Each line below must be reproduced exactly as it stands. Pictures stay out of the copy.
■ ■ ■
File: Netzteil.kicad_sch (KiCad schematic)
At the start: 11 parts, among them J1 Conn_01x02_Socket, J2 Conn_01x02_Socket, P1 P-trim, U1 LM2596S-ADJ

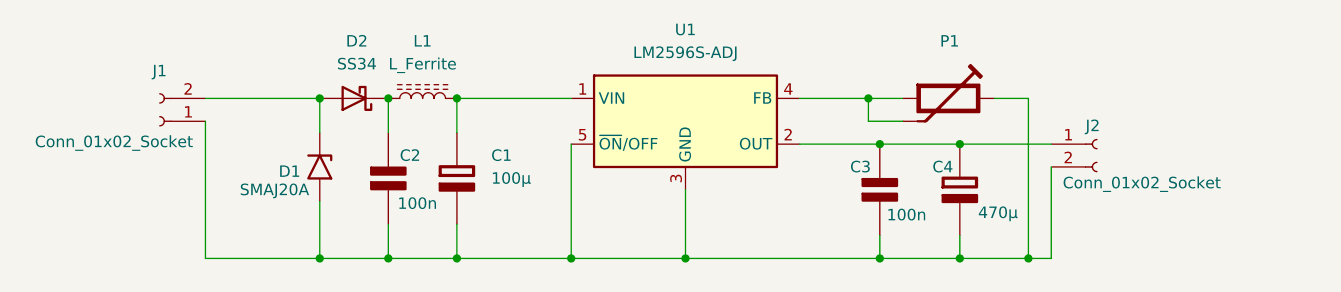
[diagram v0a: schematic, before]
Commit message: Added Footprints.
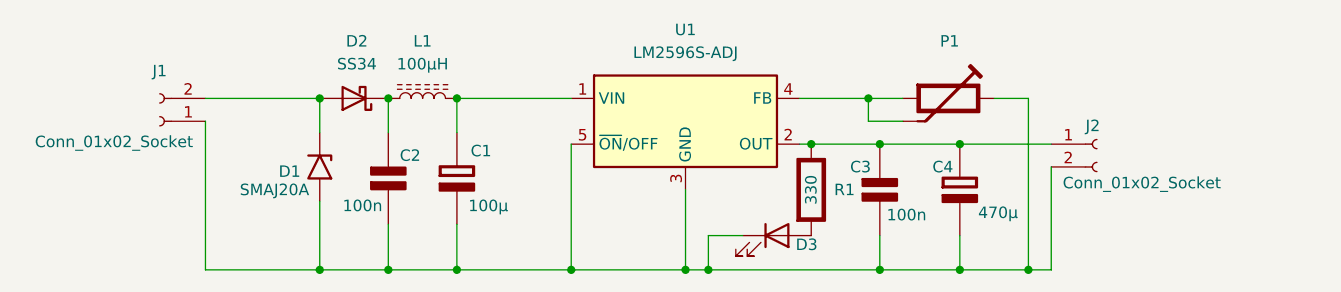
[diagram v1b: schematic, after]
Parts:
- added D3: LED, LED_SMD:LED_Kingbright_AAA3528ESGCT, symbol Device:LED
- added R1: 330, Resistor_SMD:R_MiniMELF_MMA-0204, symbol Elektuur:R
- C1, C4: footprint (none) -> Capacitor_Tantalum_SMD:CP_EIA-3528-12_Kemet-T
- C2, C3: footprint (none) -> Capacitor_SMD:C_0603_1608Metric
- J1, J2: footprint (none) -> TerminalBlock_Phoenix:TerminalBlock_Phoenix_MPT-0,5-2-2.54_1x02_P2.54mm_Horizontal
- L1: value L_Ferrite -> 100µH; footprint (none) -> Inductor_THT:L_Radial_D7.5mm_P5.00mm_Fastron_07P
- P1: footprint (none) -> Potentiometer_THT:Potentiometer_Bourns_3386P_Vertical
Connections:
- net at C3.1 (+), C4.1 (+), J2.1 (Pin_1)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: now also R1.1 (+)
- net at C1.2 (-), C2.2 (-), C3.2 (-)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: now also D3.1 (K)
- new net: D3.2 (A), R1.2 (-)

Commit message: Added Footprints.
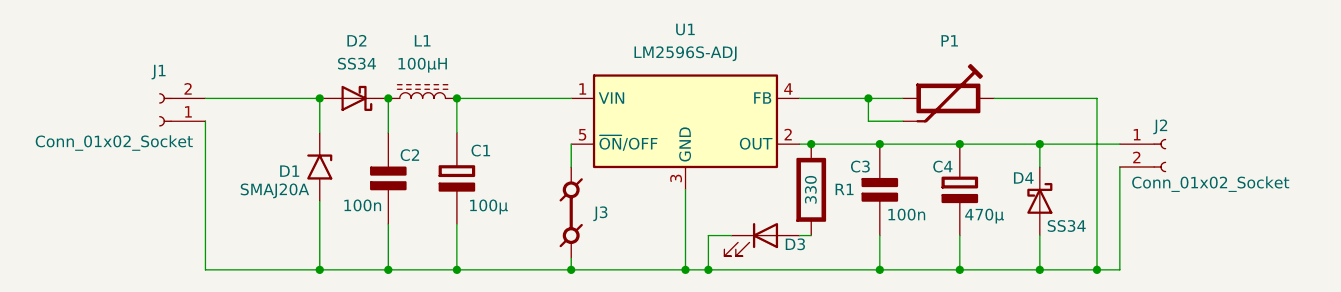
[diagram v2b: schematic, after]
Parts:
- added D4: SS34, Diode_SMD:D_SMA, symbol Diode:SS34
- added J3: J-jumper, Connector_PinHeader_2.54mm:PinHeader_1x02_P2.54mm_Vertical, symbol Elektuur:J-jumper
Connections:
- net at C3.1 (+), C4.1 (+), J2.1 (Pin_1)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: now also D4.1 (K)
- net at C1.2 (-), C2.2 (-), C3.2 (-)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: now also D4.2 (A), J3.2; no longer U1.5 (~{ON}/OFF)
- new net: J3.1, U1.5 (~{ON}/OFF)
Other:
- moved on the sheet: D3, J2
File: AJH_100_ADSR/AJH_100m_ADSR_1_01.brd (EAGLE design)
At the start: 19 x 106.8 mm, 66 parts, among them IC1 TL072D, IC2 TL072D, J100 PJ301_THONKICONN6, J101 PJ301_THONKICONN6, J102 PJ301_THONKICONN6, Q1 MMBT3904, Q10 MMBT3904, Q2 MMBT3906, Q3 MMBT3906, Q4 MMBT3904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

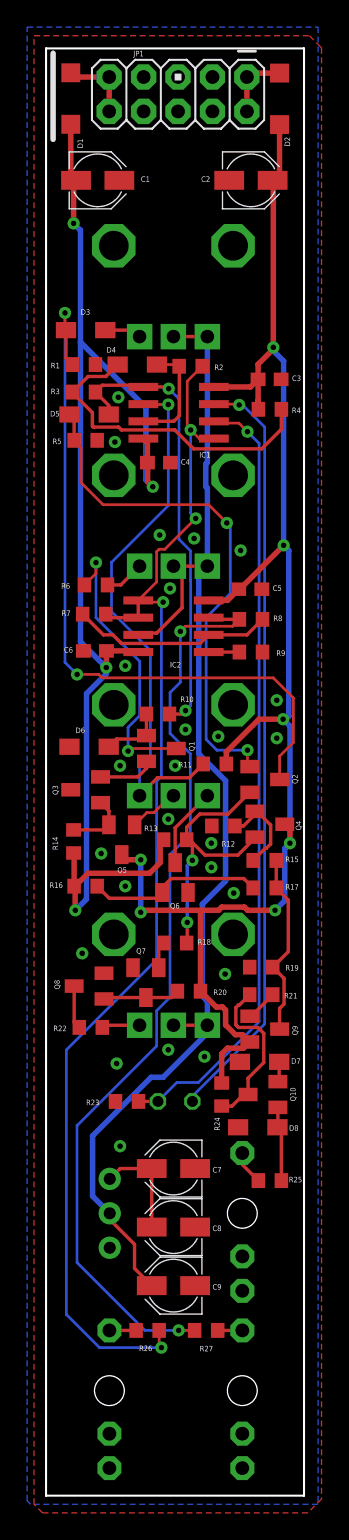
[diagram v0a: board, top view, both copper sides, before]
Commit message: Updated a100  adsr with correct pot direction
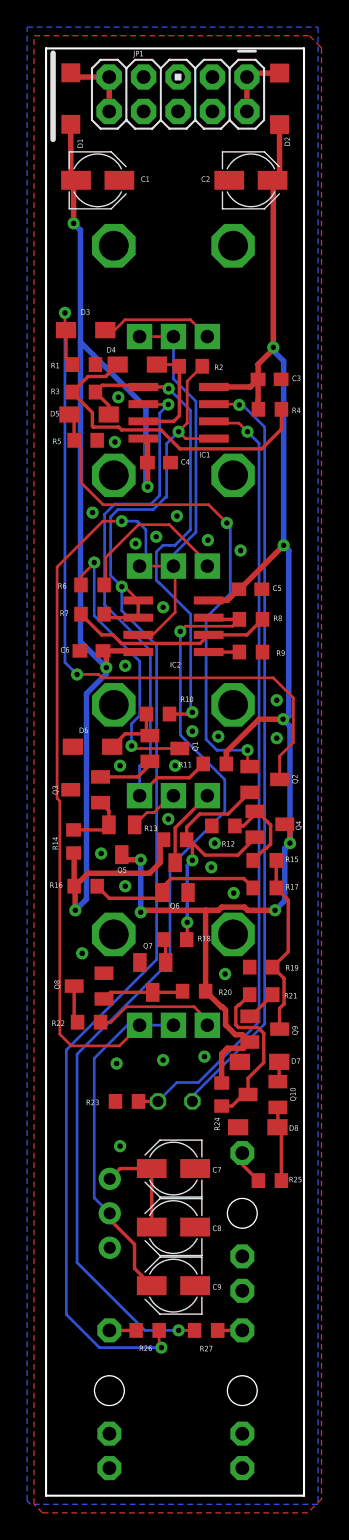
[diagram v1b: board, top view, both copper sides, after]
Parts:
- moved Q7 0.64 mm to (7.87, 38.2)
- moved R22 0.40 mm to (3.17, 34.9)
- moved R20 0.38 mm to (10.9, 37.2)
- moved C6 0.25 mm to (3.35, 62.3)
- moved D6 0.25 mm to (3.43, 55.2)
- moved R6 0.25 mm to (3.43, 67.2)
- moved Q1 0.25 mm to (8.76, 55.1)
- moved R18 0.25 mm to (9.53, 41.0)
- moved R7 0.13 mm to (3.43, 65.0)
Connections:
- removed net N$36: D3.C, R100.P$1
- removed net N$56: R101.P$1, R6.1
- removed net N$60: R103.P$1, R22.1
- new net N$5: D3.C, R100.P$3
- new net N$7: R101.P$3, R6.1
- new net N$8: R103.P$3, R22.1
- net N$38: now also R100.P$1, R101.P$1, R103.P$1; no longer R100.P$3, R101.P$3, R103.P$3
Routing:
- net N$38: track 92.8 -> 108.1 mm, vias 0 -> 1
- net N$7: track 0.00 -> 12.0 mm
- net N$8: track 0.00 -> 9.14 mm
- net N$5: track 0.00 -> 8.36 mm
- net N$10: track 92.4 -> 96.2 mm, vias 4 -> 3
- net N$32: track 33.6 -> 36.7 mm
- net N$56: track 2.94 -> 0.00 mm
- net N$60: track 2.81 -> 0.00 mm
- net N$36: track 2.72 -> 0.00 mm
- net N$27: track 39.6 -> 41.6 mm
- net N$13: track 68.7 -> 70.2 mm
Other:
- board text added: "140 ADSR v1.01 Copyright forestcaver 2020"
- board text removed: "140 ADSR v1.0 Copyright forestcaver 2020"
■ ■ ■
TASK OUTPUT.
File: Netzteil.kicad_sch (KiCad schematic)
At the start: 11 parts, among them J1 Conn_01x02_Socket, J2 Conn_01x02_Socket, P1 P-trim, U1 LM2596S-ADJ

[diagram v0a: schematic, before]
Commit message: Added Footprints.
[diagram v1b: schematic, after]
Parts:
- added D3: LED, LED_SMD:LED_Kingbright_AAA3528ESGCT, symbol Device:LED
- added R1: 330, Resistor_SMD:R_MiniMELF_MMA-0204, symbol Elektuur:R
- C1, C4: footprint (none) -> Capacitor_Tantalum_SMD:CP_EIA-3528-12_Kemet-T
- C2, C3: footprint (none) -> Capacitor_SMD:C_0603_1608Metric
- J1, J2: footprint (none) -> TerminalBlock_Phoenix:TerminalBlock_Phoenix_MPT-0,5-2-2.54_1x02_P2.54mm_Horizontal
- L1: value L_Ferrite -> 100µH; footprint (none) -> Inductor_THT:L_Radial_D7.5mm_P5.00mm_Fastron_07P
- P1: footprint (none) -> Potentiometer_THT:Potentiometer_Bourns_3386P_Vertical
Connections:
- net at C3.1 (+), C4.1 (+), J2.1 (Pin_1): now also R1.1 (+)
- net at C1.2 (-), C2.2 (-), C3.2 (-): now also D3.1 (K)
- new net: D3.2 (A), R1.2 (-)

Commit message: Added Footprints.
[diagram v2b: schematic, after]
Parts:
- added D4: SS34, Diode_SMD:D_SMA, symbol Diode:SS34
- added J3: J-jumper, Connector_PinHeader_2.54mm:PinHeader_1x02_P2.54mm_Vertical, symbol Elektuur:J-jumper
Connections:
- net at C3.1 (+), C4.1 (+), J2.1 (Pin_1): now also D4.1 (K)
- net at C1.2 (-), C2.2 (-), C3.2 (-): now also D4.2 (A), J3.2; no longer U1.5 (~{ON}/OFF)
- new net: J3.1, U1.5 (~{ON}/OFF)
Other:
- moved on the sheet: D3, J2
File: AJH_100_ADSR/AJH_100m_ADSR_1_01.brd (EAGLE design)
At the start: 19 x 106.8 mm, 66 parts, among them IC1 TL072D, IC2 TL072D, J100 PJ301_THONKICONN6, J101 PJ301_THONKICONN6, J102 PJ301_THONKICONN6, Q1 MMBT3904, Q10 MMBT3904, Q2 MMBT3906, Q3 MMBT3906, Q4 MMBT3904

[diagram v0a: board, top view, both copper sides, before]
Commit message: Updated a100  adsr with correct pot direction
[diagram v1b: board, top view, both copper sides, after]
Parts:
- moved Q7 0.64 mm to (7.87, 38.2)
- moved R22 0.40 mm to (3.17, 34.9)
- moved R20 0.38 mm to (10.9, 37.2)
- moved C6 0.25 mm to (3.35, 62.3)
- moved D6 0.25 mm to (3.43, 55.2)
- moved R6 0.25 mm to (3.43, 67.2)
- moved Q1 0.25 mm to (8.76, 55.1)
- moved R18 0.25 mm to (9.53, 41.0)
- moved R7 0.13 mm to (3.43, 65.0)
Connections:
- removed net N$36: D3.C, R100.P$1
- removed net N$56: R101.P$1, R6.1
- removed net N$60: R103.P$1, R22.1
- new net N$5: D3.C, R100.P$3
- new net N$7: R101.P$3, R6.1
- new net N$8: R103.P$3, R22.1
- net N$38: now also R100.P$1, R101.P$1, R103.P$1; no longer R100.P$3, R101.P$3, R103.P$3
Routing:
- net N$38: track 92.8 -> 108.1 mm, vias 0 -> 1
- net N$7: track 0.00 -> 12.0 mm
- net N$8: track 0.00 -> 9.14 mm
- net N$5: track 0.00 -> 8.36 mm
- net N$10: track 92.4 -> 96.2 mm, vias 4 -> 3
- net N$32: track 33.6 -> 36.7 mm
- net N$56: track 2.94 -> 0.00 mm
- net N$60: track 2.81 -> 0.00 mm
- net N$36: track 2.72 -> 0.00 mm
- net N$27: track 39.6 -> 41.6 mm
- net N$13: track 68.7 -> 70.2 mm
Other:
- board text added: "140 ADSR v1.01 Copyright forestcaver 2020"
- board text removed: "140 ADSR v1.0 Copyright forestcaver 2020"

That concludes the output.